3. Using RANK function
The RANK() function assigns a unique rank to each distinct value, which is useful when we need to handle duplicates in your data.
Example
SELECT dpartment_id, first_name
FROM (SELECT dpartment_id, first_name,
RANK() OVER (ORDER BY dpartment_id DESC) AS rnum
FROM Employee)
WHERE rnum<=3;
Output
| DEPARTMENT_ID | FIRST_NAME |
|---|---|
| 50 | Vipul |
| 50 | Archit |
| 23 | Harshal |
Explanation:
In the above SQL statement, RANK() function also acts as a virtual field whose value is restricted at the end. RANK() function doesn't give us the top N rows or the top N distinct values. The number of rows returned is dependent on the number of duplicates in the data.

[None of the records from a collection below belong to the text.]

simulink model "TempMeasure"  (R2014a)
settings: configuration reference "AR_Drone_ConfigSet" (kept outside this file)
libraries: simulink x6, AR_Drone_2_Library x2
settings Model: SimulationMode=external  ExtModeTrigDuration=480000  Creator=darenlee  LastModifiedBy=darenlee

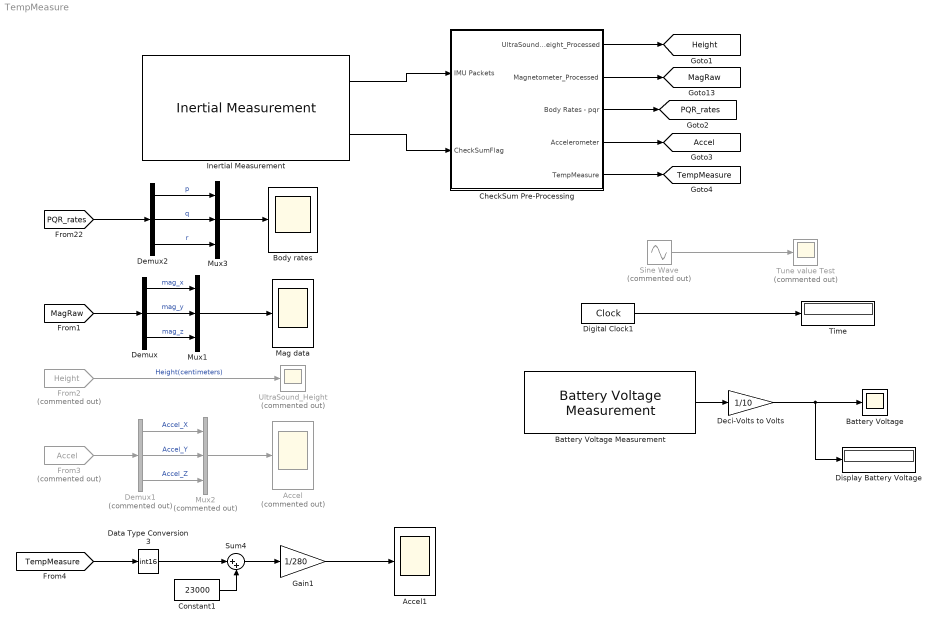
== system TempMeasure ==
  Accel : Scope  Commented=on
      settings: ShowLegends=on  TimeRange=100  YMin=2000  YMax=2550  SaveName=Accel
  Accel1 : Scope
      settings: ShowLegends=on  TimeRange=200  YMin=39  YMax=43.5  SaveName=TempMeasure
  Battery Voltage : Scope
      settings: YMin=12.3575  YMax=12.4  SaveName=Voltage_Measure
  Battery Voltage Measurement : AR_Drone_2_Library/Battery Voltage Measurement  SFunctionSpec=void BatteryMeasure_step(single y1[1])  SampleTime=0.01
  Body rates : Scope
      settings: ShowLegends=on  TimeRange=200  YMin=-45  YMax=45  SaveName=Gyro
  CheckSum Pre-Processing : Subsystem
  Constant1 : Constant  Value=23000  OutDataTypeStr=int16
  Data Type Conversion3 : DataTypeConversion  OutDataTypeStr=int16
  Deci-Volts to Volts : Gain  Gain=1/10
  Demux : Demux  Outputs=3
  Demux1 : Demux  Commented=on  Outputs=3
  Demux2 : Demux  Outputs=3
  Digital Clock1 : DigitalClock  SampleTime=0.1
  Display Battery Voltage : Display
  From2 : From  Commented=on  GotoTag=Height  TagVisibility=global
  From3 : From  Commented=on  GotoTag=Accel  TagVisibility=global
  Gain1 : Gain  Gain=1/280  OutDataTypeStr=double
  Inertial Measurement : AR_Drone_2_Library/Inertial Measurement  Ts=1/400
  Mag data : Scope
      settings: ShowLegends=on  TimeRange=100  YMin=-125  YMax=150  SaveName=MagData
  Mux1 : Mux  Inputs=3
  Mux2 : Mux  Commented=on  Inputs=3
  Mux3 : Mux  Inputs=3
  Sine Wave : Sin  Commented=on  SineType=Sample based  Amplitude=6  Bias=-1  Samples=1000  SampleTime=0.01
  Sum4 : Sum  Inputs=|++
  Time : Display
  Tune value Test : Scope  Commented=on
      settings: YMin=-35  SaveName=UltraSound_Measure2
  UltraSound_Height : Scope  Commented=on
      settings: YMin=0  YMax=18
  tag scope: Accel=global, Height=global, MagRaw=global, PQR_rates=global, TempMeasure=global
  wires:
  Sine Wave/1 -> Tune value Test/1
  Digital Clock1/1 -> Time/1
  Inertial Measurement/1 -> CheckSum Pre-Processing/1(IMU Packets)
  Inertial Measurement/2 -> CheckSum Pre-Processing/2(CheckSumFlag)
  [MagRaw] -> Demux/1
  Demux/1 -> Mux1/1  "mag_x"
  Demux/2 -> Mux1/2  "mag_y"
  Demux/3 -> Mux1/3  "mag_z"
  Mux1/1 -> Mag data/1
  CheckSum Pre-Processing/1(UltraSoundHeight_Processed) -> [Height]
  Demux2/1 -> Mux3/1  "p"
  Demux2/2 -> Mux3/2  "q"
  Mux3/1 -> Body rates/1
  Demux2/3 -> Mux3/3  "r"
  [PQR_rates] -> Demux2/1
  From2/1 -> UltraSound_Height/1  "Height(centimeters)"
  Demux1/1 -> Mux2/1  "Accel_X"
  Demux1/2 -> Mux2/2  "Accel_Y"
  Mux2/1 -> Accel/1
  Demux1/3 -> Mux2/3  "Accel_Z"
  From3/1 -> Demux1/1
  CheckSum Pre-Processing/4(Accelerometer) -> [Accel]
  CheckSum Pre-Processing/3(Body Rates - pqr) -> [PQR_rates]
  CheckSum Pre-Processing/2(Magnetometer_Processed) -> [MagRaw]
  Battery Voltage Measurement/1 -> Deci-Volts to Volts/1
  Deci-Volts to Volts/1 -> Display Battery Voltage/1, Battery Voltage/1
  CheckSum Pre-Processing/5(TempMeasure) -> [TempMeasure]
  Data Type Conversion3/1 -> Sum4/1
  Constant1/1 -> Sum4/2
  Sum4/1 -> Gain1/1
  Gain1/1 -> Accel1/1
  [TempMeasure] -> Data Type Conversion3/1

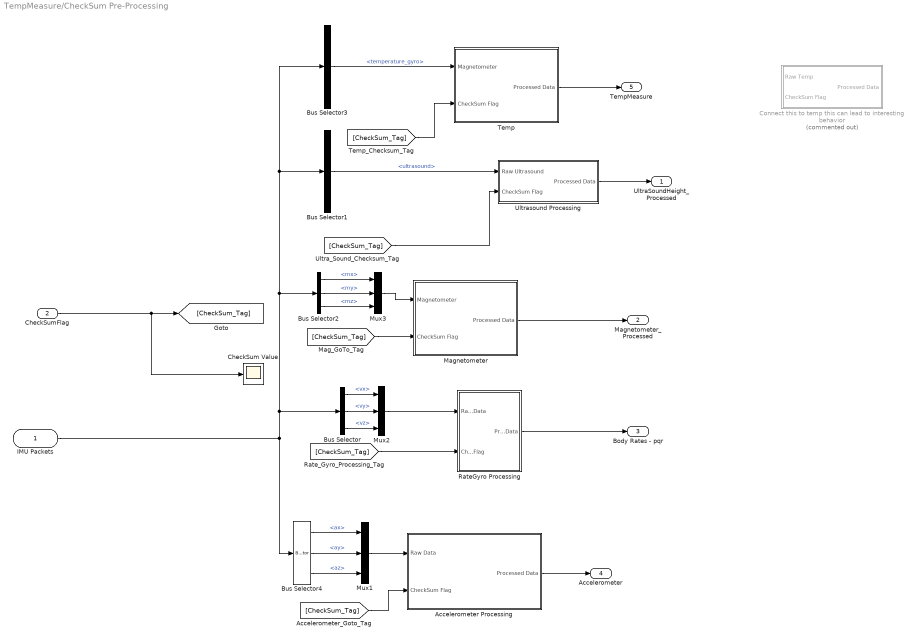
== system TempMeasure/CheckSum Pre-Processing ==
  IMU Packets : Inport
  CheckSumFlag : Inport  Port=2
  Accelerometer Processing : Subsystem
  Bus Selector : BusSelector  OutputSignals=vx,vy,vz
  Bus Selector1 : BusSelector  OutputSignals=ultrasound
  Bus Selector2 : BusSelector  OutputSignals=mx,my,mz
  Bus Selector3 : BusSelector  OutputSignals=temperature_gyro
  Bus Selector4 : BusSelector  OutputSignals=ax,ay,az
  CheckSum Value : Scope
      settings: YMin=0  YMax=2500  SaveName=CheckSum
  Connect this to temp this can lead to interesting behavior : Subsystem  Commented=on
  Magnetometer : Subsystem
  Mux1 : Mux  Inputs=3
  Mux2 : Mux  Inputs=3
  Mux3 : Mux  Inputs=3
  RateGyro Processing : Subsystem
  Temp : Subsystem
  Ultrasound Processing : Subsystem
  UltraSoundHeight_Processed : Outport
  Magnetometer_Processed : Outport  Port=2
  Body Rates - pqr : Outport  Port=3
  Accelerometer : Outport  Port=4
  TempMeasure : Outport  Port=5
  wires:
  Bus Selector1/1 -> Ultrasound Processing/1(Raw Ultrasound)  "<ultrasound>"
  CheckSumFlag/1 -> [CheckSum_Tag], CheckSum Value/1
  IMU Packets/1 -> Bus Selector/1, Bus Selector3/1, Bus Selector1/1, Bus Selector2/1, Bus Selector4/1
  Bus Selector4/1 -> Mux1/1  "<ax>"
  Bus Selector4/2 -> Mux1/2  "<ay>"
  Bus Selector4/3 -> Mux1/3  "<az>"
  Mux1/1 -> Accelerometer Processing/1(Raw Data)
  [CheckSum_Tag] -> Ultrasound Processing/2(CheckSum Flag)
  Accelerometer Processing/1(Processed Data) -> Accelerometer/1
  Bus Selector/1 -> Mux2/1  "<vx>"
  Bus Selector/2 -> Mux2/2  "<vy>"
  Bus Selector/3 -> Mux2/3  "<vz>"
  Mux2/1 -> RateGyro Processing/1(Raw Data)
  [CheckSum_Tag] -> RateGyro Processing/2(CheckSum Flag)
  RateGyro Processing/1(Processed Data) -> Body Rates - pqr/1
  Bus Selector2/1 -> Mux3/1  "<mx>"
  Bus Selector2/2 -> Mux3/2  "<my>"
  Bus Selector2/3 -> Mux3/3  "<mz>"
  Mux3/1 -> Magnetometer/1(Magnetometer)
  [CheckSum_Tag] -> Magnetometer/2(CheckSum Flag)
  Magnetometer/1(Processed Data) -> Magnetometer_Processed/1
  [CheckSum_Tag] -> Accelerometer Processing/2(CheckSum Flag)
  Ultrasound Processing/1(Processed Data) -> UltraSoundHeight_Processed/1
  Bus Selector3/1 -> Temp/1(Magnetometer)  "<temperature_gyro>"
  ? -> Connect this to temp this can lead to interesting behavior/2(CheckSum Flag)
  [CheckSum_Tag] -> Temp/2(CheckSum Flag)
  Temp/1(Processed Data) -> TempMeasure/1

== system TempMeasure/CheckSum Pre-Processing/Accelerometer Processing ==
  Raw Data : Inport
  CheckSum Flag : Inport  Port=2
  Calculate Accel Data : Subsystem  Commented=through
  CheckSum Correction : Subsystem
  Processed Data : Outport
  wires:
  CheckSum Flag/1 -> CheckSum Correction/2(CheckSumFlag)
  Raw Data/1 -> Calculate Accel Data/1(Raw Accel Data)
  CheckSum Correction/1(Pre-Processed Height) -> Processed Data/1
  Calculate Accel Data/1(Processed Accel Data) -> CheckSum Correction/1(CalculatedData)

== system TempMeasure/CheckSum Pre-Processing/Connect this to temp this can lead to interesting behavior ==
  note: '192.168.1.1' 1 17725
  Raw Temp : Inport
  CheckSum Flag : Inport  Port=2
  CheckSum Correction : Subsystem
  Display : Display
  Saturation1 : Saturate  UpperLimit=100e3  LowerLimit=0
  Processed Data : Outport
  wires:
  Raw Temp/1 -> CheckSum Correction/1(CalculatedData)
  CheckSum Flag/1 -> CheckSum Correction/2(CheckSumFlag)
  CheckSum Correction/1(Pre-Processed Height) -> Display/1, Saturation1/1
  Saturation1/1 -> Processed Data/1

== system TempMeasure/CheckSum Pre-Processing/Magnetometer ==
  Magnetometer : Inport
  CheckSum Flag : Inport  Port=2
  CheckSum Correction : Subsystem
  Display : Display
  Process Raw Mag Data : Subsystem  Commented=through
  Processed Data : Outport
  wires:
  CheckSum Flag/1 -> CheckSum Correction/2(CheckSumFlag)
  CheckSum Correction/1(Pre-Processed Data) -> Display/1, Processed Data/1
  Magnetometer/1 -> Process Raw Mag Data/1(Magnetometer)
  Process Raw Mag Data/1(ProcessedData) -> CheckSum Correction/1(CalculatedData)

== system TempMeasure/CheckSum Pre-Processing/RateGyro Processing ==
  Raw Data : Inport
  CheckSum Flag : Inport  Port=2
  CheckSum Correction : Subsystem
  Process Data : Subsystem  Commented=through
  Processed Data : Outport
  wires:
  CheckSum Flag/1 -> CheckSum Correction/2(CheckSumFlag)
  CheckSum Correction/1(Pre-Processed Height) -> Processed Data/1
  Raw Data/1 -> Process Data/1(Raw Data)
  Process Data/1(Processed Data) -> CheckSum Correction/1(CalculatedData)

== system TempMeasure/CheckSum Pre-Processing/Temp ==
  Magnetometer : Inport
  CheckSum Flag : Inport  Port=2
  CheckSum Correction : Subsystem
  Display : Display
  Process Raw Mag Data : Subsystem  Commented=through
  Processed Data : Outport
  wires:
  CheckSum Flag/1 -> CheckSum Correction/2(CheckSumFlag)
  CheckSum Correction/1(Pre-Processed Data) -> Display/1, Processed Data/1
  Magnetometer/1 -> Process Raw Mag Data/1(Magnetometer)
  Process Raw Mag Data/1(ProcessedData) -> CheckSum Correction/1(CalculatedData)

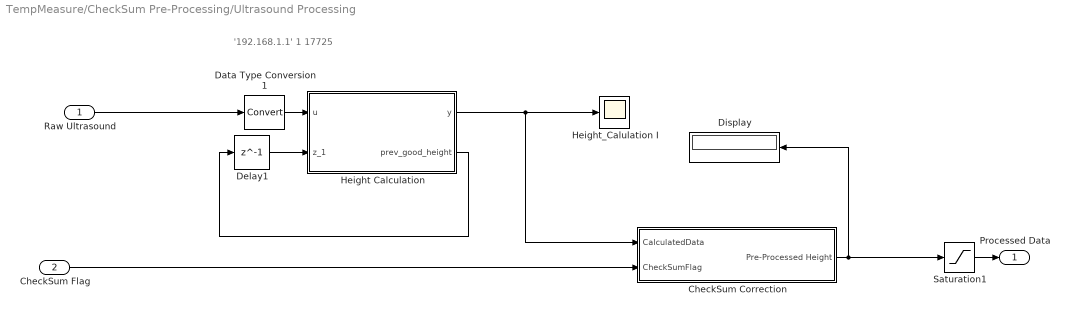
== system TempMeasure/CheckSum Pre-Processing/Ultrasound Processing ==
  note: '192.168.1.1' 1 17725
  Raw Ultrasound : Inport
  CheckSum Flag : Inport  Port=2
  CheckSum Correction : Subsystem
  Data Type Conversion1 : DataTypeConversion
  Delay1 : Delay  DelayLength=1  InitialCondition=0
  Display : Display
  Height Calculation : MATLAB Function  TreatAsAtomicUnit=on
  Height_Calulation I : Scope
      settings: TimeRange=622.5296442687759  YMin=0  YMax=300  SaveName=CalculatedHeight
  Saturation1 : Saturate  UpperLimit=100e3  LowerLimit=0
  Processed Data : Outport
  wires:
  Delay1/1 -> Height Calculation/2(z_1)
  Data Type Conversion1/1 -> Height Calculation/1(u)
  Height Calculation/2(prev_good_height) -> Delay1/1
  Raw Ultrasound/1 -> Data Type Conversion1/1
  Height Calculation/1(y) -> CheckSum Correction/1(CalculatedData), Height_Calulation I/1
  CheckSum Flag/1 -> CheckSum Correction/2(CheckSumFlag)
  CheckSum Correction/1(Pre-Processed Height) -> Display/1, Saturation1/1
  Saturation1/1 -> Processed Data/1

== system TempMeasure/CheckSum Pre-Processing/Accelerometer Processing/Calculate Accel Data ==
  Raw Accel Data : Inport
  Bias : Constant  Value=[0 4096 4096]
  Gain : Gain  Gain=[0.001953125, 0.001953125, 0.001953125]
  Neutral Bias : Constant  Value=[2048 2048 2048]
  Sum : Sum  Inputs=|-+
  Sum1 : Sum  Inputs=|+-
  Processed Accel Data : Outport
  wires:
  Raw Accel Data/1 -> Sum/1
  Sum1/1 -> Gain/1
  Gain/1 -> Processed Accel Data/1
  Sum/1 -> Sum1/1
  Neutral Bias/1 -> Sum1/2
  Bias/1 -> Sum/2

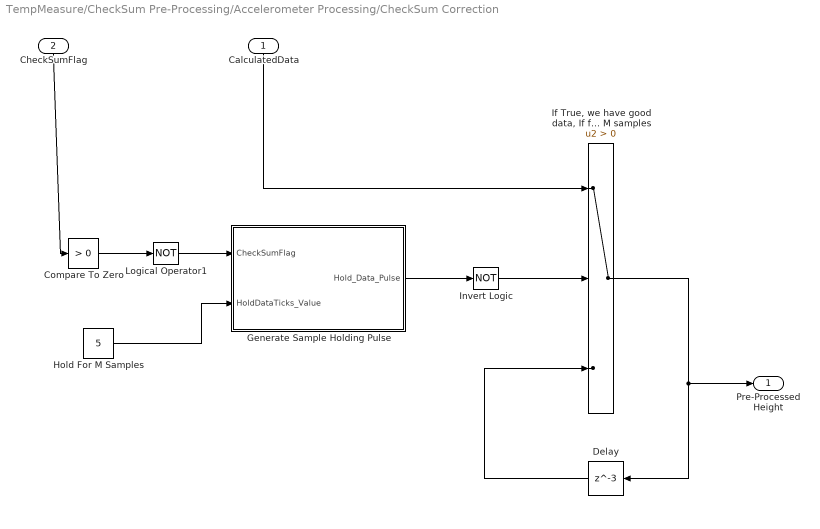
== system TempMeasure/CheckSum Pre-Processing/Accelerometer Processing/CheckSum Correction ==
  CalculatedData : Inport
  CheckSumFlag : Inport  Port=2
  Compare To Zero : simulink/Logic and Bit Operations/Compare To Zero  relop=>  OutDataTypeStr=boolean
  Delay : Delay  DelayLength=3  InitialCondition=0
  Generate Sample Holding Pulse : Subsystem
  Hold For M Samples : Constant  Value=5
  "If True, we have good data, If false, we have bad data, With bad data, use previous good data from N samples ago and hold it on that value for M samples" : Switch  Criteria=u2 > Threshold
  Invert Logic : Logic  Operator=NOT  AllPortsSameDT=off  OutDataTypeStr=boolean
  Logical Operator1 : Logic  Operator=NOT  AllPortsSameDT=off  OutDataTypeStr=boolean
  Pre-Processed Height : Outport
  wires:
  CheckSumFlag/1 -> Compare To Zero/1
  CalculatedData/1 -> "If True, we have good data, If false, we have bad data, With bad data, use previous good data from N samples ago and hold it on that value for M samples"/1
  "If True, we have good data, If false, we have bad data, With bad data, use previous good data from N samples ago and hold it on that value for M samples"/1 -> Pre-Processed Height/1, Delay/1
  Delay/1 -> "If True, we have good data, If false, we have bad data, With bad data, use previous good data from N samples ago and hold it on that value for M samples"/3
  Compare To Zero/1 -> Logical Operator1/1
  Generate Sample Holding Pulse/1(Hold_Data_Pulse) -> Invert Logic/1
  Logical Operator1/1 -> Generate Sample Holding Pulse/1(CheckSumFlag)
  Invert Logic/1 -> "If True, we have good data, If false, we have bad data, With bad data, use previous good data from N samples ago and hold it on that value for M samples"/2
  Hold For M Samples/1 -> Generate Sample Holding Pulse/2(HoldDataTicks_Value)

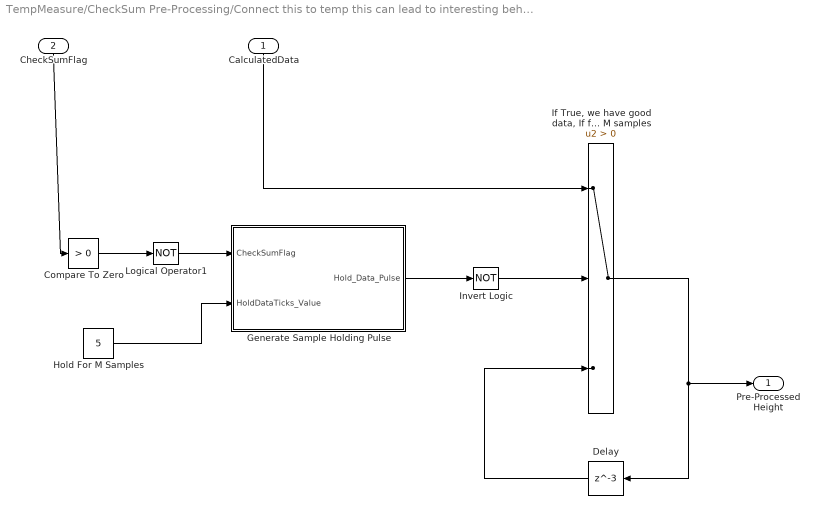
== system TempMeasure/CheckSum Pre-Processing/Connect this to temp this can lead to interesting behavior/CheckSum Correction ==
  CalculatedData : Inport
  CheckSumFlag : Inport  Port=2
  Compare To Zero : simulink/Logic and Bit Operations/Compare To Zero  relop=>  OutDataTypeStr=boolean
  Delay : Delay  DelayLength=3  InitialCondition=0
  Generate Sample Holding Pulse : Subsystem
  Hold For M Samples : Constant  Value=5
  "If True, we have good data, If false, we have bad data, With bad data, use previous good data from N samples ago and hold it on that value for M samples" : Switch  Criteria=u2 > Threshold
  Invert Logic : Logic  Operator=NOT  AllPortsSameDT=off  OutDataTypeStr=boolean
  Logical Operator1 : Logic  Operator=NOT  AllPortsSameDT=off  OutDataTypeStr=boolean
  Pre-Processed Height : Outport
  wires:
  CheckSumFlag/1 -> Compare To Zero/1
  CalculatedData/1 -> "If True, we have good data, If false, we have bad data, With bad data, use previous good data from N samples ago and hold it on that value for M samples"/1
  "If True, we have good data, If false, we have bad data, With bad data, use previous good data from N samples ago and hold it on that value for M samples"/1 -> Pre-Processed Height/1, Delay/1
  Delay/1 -> "If True, we have good data, If false, we have bad data, With bad data, use previous good data from N samples ago and hold it on that value for M samples"/3
  Compare To Zero/1 -> Logical Operator1/1
  Generate Sample Holding Pulse/1(Hold_Data_Pulse) -> Invert Logic/1
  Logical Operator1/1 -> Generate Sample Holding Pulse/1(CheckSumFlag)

4. Using DENSE_RANK function
The DENSE_RANK analytic function is similar to RANK() function. The difference is that the ranks are compacted due to which there are no gaps.
Example
SELECT dpartment_id, first_name
FROM (SELECT dpartment_id, first_name,
DENSE_RANK() OVER (ORDER BY dpartment_id DESC) AS rnum
FROM Employee)
WHERE rnum<=3;
Output
| DPARTMENT_ID | FIRST_NAME |
|---|---|
| 50 | Vipul |
| 50 | Archit |
| 23 | Harshal |
12 | Amit |
12 | Satish |
Explanation:
The DENSE_RANK() function assigns ranks to employees but ensures that if there are ties, no gaps occur in the ranking sequence. This query will return the top 3 employees in departments with no gaps in the ranking sequence.
5. Using ROW_NUMBER function
The ROW_NUMBER analytic function is similar to ROWNUM virtual column but like all analytic functions its action can be limited to a specific output of data based on the order of data.
Example
SELECT dpartment_id, first_name
FROM (SELECT dpartment_id, first_name,
ROW_NUMBER() OVER (ORDER BY dpartment_id DESC) AS rnum
FROM Employee)
WHERE rnum<=4;
Output
| DPARTMENT_ID | FIRST_NAME |
|---|---|
| 50 | Vipul |
| 50 | Archit |
| 23 | Harshal |
| 12 | Amit |
Explanation:
The ROW_NUMBER() function assigns a unique row number, and the query filters out all rows except the top 4. This query will return the top 4 employees based on their department_id, ensuring a unique row number even with duplicates.
Conclusion
Top-N analysis in SQL is a valuable technique for retrieving the smallest or largest values from ordered datasets, helping streamline data analysis and decision-making processes. By utilizing various methods like ROWNUM, RANK(), DENSE_RANK(), and ROW_NUMBER(), we can efficiently filter and retrieve the most relevant data from our tables for reporting and further analysis.